THE INPUT »
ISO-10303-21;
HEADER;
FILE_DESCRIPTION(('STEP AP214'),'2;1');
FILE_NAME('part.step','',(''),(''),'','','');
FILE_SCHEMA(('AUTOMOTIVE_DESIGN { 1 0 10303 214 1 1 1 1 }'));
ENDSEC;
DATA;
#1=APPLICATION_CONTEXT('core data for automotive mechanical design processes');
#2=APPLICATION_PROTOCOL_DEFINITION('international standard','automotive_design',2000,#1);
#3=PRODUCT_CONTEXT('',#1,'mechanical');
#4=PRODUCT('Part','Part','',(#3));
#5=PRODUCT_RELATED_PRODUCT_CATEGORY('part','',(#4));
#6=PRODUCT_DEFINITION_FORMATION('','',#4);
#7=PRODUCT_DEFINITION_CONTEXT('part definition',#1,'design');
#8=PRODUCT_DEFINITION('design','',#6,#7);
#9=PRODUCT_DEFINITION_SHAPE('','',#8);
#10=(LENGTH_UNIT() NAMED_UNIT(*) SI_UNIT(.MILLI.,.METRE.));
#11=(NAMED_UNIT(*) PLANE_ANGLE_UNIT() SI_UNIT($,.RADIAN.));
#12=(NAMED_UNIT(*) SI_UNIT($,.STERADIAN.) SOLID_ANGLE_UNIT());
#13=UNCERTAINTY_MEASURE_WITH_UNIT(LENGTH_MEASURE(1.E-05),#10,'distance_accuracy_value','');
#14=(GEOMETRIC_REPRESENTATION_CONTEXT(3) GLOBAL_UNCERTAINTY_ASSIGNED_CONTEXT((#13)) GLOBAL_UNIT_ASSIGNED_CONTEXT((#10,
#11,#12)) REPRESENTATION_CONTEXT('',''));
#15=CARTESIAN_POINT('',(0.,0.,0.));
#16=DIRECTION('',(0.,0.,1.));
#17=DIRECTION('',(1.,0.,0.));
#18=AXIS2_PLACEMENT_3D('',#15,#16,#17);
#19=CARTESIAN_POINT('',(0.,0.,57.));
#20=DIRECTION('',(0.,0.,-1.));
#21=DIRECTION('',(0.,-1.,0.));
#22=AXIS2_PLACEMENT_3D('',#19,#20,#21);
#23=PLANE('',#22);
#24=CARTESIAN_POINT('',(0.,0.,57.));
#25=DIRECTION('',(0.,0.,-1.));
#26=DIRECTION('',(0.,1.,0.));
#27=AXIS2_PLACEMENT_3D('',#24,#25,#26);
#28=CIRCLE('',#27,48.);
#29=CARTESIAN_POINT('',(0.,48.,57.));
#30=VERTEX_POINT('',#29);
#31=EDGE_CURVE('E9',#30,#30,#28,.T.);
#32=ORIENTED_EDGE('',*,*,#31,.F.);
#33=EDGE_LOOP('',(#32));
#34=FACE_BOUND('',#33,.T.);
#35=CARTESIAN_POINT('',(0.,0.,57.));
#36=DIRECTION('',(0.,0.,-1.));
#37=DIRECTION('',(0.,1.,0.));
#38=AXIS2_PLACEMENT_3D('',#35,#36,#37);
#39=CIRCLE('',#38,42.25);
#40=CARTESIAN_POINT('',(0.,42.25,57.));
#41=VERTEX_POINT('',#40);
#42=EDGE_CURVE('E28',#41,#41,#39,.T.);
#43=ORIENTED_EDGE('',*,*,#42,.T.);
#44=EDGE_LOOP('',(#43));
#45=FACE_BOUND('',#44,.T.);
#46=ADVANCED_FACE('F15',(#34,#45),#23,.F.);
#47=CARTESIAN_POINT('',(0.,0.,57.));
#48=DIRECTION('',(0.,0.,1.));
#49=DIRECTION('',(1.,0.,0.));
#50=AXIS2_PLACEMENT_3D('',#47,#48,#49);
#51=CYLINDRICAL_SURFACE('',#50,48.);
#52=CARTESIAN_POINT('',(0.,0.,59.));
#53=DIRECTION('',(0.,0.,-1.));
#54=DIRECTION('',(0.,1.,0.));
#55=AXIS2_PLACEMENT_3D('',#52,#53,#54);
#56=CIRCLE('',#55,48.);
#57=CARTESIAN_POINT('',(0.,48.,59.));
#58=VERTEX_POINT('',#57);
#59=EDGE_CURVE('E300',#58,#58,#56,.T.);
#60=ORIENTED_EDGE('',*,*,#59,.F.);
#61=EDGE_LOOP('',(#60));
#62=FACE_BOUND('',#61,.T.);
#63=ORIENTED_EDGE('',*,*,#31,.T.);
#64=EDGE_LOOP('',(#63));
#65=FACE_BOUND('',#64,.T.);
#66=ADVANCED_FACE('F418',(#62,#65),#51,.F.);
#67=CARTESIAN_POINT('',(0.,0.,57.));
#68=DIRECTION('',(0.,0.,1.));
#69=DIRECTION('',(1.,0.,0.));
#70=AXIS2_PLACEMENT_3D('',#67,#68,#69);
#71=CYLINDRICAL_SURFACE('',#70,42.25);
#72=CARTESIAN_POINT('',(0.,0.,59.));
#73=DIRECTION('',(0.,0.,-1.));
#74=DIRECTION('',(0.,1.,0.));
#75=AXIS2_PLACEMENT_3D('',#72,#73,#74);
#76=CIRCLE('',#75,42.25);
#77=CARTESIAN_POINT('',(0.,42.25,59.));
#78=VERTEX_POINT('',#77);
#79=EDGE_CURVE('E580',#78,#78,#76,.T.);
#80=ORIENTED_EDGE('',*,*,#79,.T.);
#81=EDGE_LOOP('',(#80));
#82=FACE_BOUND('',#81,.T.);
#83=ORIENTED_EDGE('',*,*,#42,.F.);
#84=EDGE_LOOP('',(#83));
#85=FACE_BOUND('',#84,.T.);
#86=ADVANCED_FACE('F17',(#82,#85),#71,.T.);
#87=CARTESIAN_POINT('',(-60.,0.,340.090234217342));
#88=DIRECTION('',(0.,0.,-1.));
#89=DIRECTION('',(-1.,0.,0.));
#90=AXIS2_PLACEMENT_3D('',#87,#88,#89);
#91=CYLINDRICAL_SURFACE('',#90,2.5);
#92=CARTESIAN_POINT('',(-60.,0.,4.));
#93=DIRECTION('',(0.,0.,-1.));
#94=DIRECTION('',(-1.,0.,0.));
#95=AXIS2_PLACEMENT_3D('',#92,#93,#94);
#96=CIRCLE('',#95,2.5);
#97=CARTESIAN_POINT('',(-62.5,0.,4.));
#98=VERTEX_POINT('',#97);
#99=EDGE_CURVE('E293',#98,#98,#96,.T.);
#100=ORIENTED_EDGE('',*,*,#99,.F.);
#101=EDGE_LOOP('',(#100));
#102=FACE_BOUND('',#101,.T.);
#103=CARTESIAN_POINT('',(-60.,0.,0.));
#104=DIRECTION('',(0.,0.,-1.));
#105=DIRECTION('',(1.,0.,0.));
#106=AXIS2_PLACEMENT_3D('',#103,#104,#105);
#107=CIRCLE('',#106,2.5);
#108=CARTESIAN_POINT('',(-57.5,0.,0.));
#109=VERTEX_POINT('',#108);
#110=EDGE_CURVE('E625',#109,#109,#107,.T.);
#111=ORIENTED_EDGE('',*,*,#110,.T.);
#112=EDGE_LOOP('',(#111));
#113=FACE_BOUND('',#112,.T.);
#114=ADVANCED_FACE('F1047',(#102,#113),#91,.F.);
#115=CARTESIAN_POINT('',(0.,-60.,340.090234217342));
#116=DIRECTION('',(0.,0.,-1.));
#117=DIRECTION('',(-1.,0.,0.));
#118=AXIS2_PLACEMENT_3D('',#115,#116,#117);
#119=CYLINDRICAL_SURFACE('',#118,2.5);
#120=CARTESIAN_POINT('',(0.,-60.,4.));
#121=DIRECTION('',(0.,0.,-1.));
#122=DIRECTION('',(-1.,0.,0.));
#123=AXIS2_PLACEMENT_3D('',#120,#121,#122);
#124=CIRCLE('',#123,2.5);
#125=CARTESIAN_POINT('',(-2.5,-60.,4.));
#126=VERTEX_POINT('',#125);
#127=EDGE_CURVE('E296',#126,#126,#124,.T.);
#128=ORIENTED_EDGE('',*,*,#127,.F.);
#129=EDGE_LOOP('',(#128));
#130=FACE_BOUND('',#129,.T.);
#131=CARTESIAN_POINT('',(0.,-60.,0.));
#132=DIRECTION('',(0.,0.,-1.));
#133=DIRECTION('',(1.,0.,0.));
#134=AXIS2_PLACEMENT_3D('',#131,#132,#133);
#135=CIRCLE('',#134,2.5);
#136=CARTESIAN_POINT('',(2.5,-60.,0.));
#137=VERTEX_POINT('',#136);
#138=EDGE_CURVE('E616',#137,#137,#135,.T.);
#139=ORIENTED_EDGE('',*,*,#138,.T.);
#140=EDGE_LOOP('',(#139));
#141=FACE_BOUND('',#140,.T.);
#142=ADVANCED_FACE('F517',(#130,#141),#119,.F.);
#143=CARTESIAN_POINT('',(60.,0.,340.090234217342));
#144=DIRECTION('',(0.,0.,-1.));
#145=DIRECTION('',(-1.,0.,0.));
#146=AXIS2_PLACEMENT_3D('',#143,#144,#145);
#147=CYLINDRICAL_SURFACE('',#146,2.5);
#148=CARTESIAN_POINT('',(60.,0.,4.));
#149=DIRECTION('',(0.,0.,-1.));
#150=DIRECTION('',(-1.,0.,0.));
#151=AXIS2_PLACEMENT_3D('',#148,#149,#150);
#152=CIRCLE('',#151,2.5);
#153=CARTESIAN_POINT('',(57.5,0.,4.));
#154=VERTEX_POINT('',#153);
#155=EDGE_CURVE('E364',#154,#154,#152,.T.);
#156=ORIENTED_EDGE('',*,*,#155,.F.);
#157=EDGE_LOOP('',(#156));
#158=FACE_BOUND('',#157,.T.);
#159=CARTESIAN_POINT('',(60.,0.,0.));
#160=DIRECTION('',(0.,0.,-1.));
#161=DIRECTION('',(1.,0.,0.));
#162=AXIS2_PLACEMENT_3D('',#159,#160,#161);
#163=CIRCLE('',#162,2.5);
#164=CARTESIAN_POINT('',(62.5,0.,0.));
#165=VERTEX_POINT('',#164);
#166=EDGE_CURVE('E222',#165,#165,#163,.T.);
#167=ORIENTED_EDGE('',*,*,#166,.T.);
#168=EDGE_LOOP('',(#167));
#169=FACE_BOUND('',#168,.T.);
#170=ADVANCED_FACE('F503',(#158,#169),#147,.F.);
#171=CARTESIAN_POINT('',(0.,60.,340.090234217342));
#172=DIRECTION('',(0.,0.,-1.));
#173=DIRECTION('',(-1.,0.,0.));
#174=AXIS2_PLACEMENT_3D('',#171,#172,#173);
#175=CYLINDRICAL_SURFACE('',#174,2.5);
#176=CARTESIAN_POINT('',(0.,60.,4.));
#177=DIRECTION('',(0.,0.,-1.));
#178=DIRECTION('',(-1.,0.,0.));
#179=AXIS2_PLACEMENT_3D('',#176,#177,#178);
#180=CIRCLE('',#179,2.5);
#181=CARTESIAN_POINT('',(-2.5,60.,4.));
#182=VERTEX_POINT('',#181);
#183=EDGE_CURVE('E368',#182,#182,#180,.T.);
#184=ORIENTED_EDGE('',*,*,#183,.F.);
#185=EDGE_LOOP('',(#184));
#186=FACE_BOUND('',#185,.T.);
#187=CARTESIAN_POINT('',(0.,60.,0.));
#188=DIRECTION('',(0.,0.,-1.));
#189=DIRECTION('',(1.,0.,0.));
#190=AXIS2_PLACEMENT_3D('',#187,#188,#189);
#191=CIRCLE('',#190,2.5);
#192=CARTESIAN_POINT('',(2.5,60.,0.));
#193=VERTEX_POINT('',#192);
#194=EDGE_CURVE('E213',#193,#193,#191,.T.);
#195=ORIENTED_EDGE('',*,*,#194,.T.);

WHAT YOU NEED TO DO » Within the material above, extract exactly the lines that start at the line containing "#71=CYLINDRICAL_SURFACE('',#70,42.25);" and stop after the line containing "#79=EDGE_CURVE('E580',#78,#78,#76,.T.);", and only those.

TASK SOLUTION »
#71=CYLINDRICAL_SURFACE('',#70,42.25);
#72=CARTESIAN_POINT('',(0.,0.,59.));
#73=DIRECTION('',(0.,0.,-1.));
#74=DIRECTION('',(0.,1.,0.));
#75=AXIS2_PLACEMENT_3D('',#72,#73,#74);
#76=CIRCLE('',#75,42.25);
#77=CARTESIAN_POINT('',(0.,42.25,59.));
#78=VERTEX_POINT('',#77);
#79=EDGE_CURVE('E580',#78,#78,#76,.T.);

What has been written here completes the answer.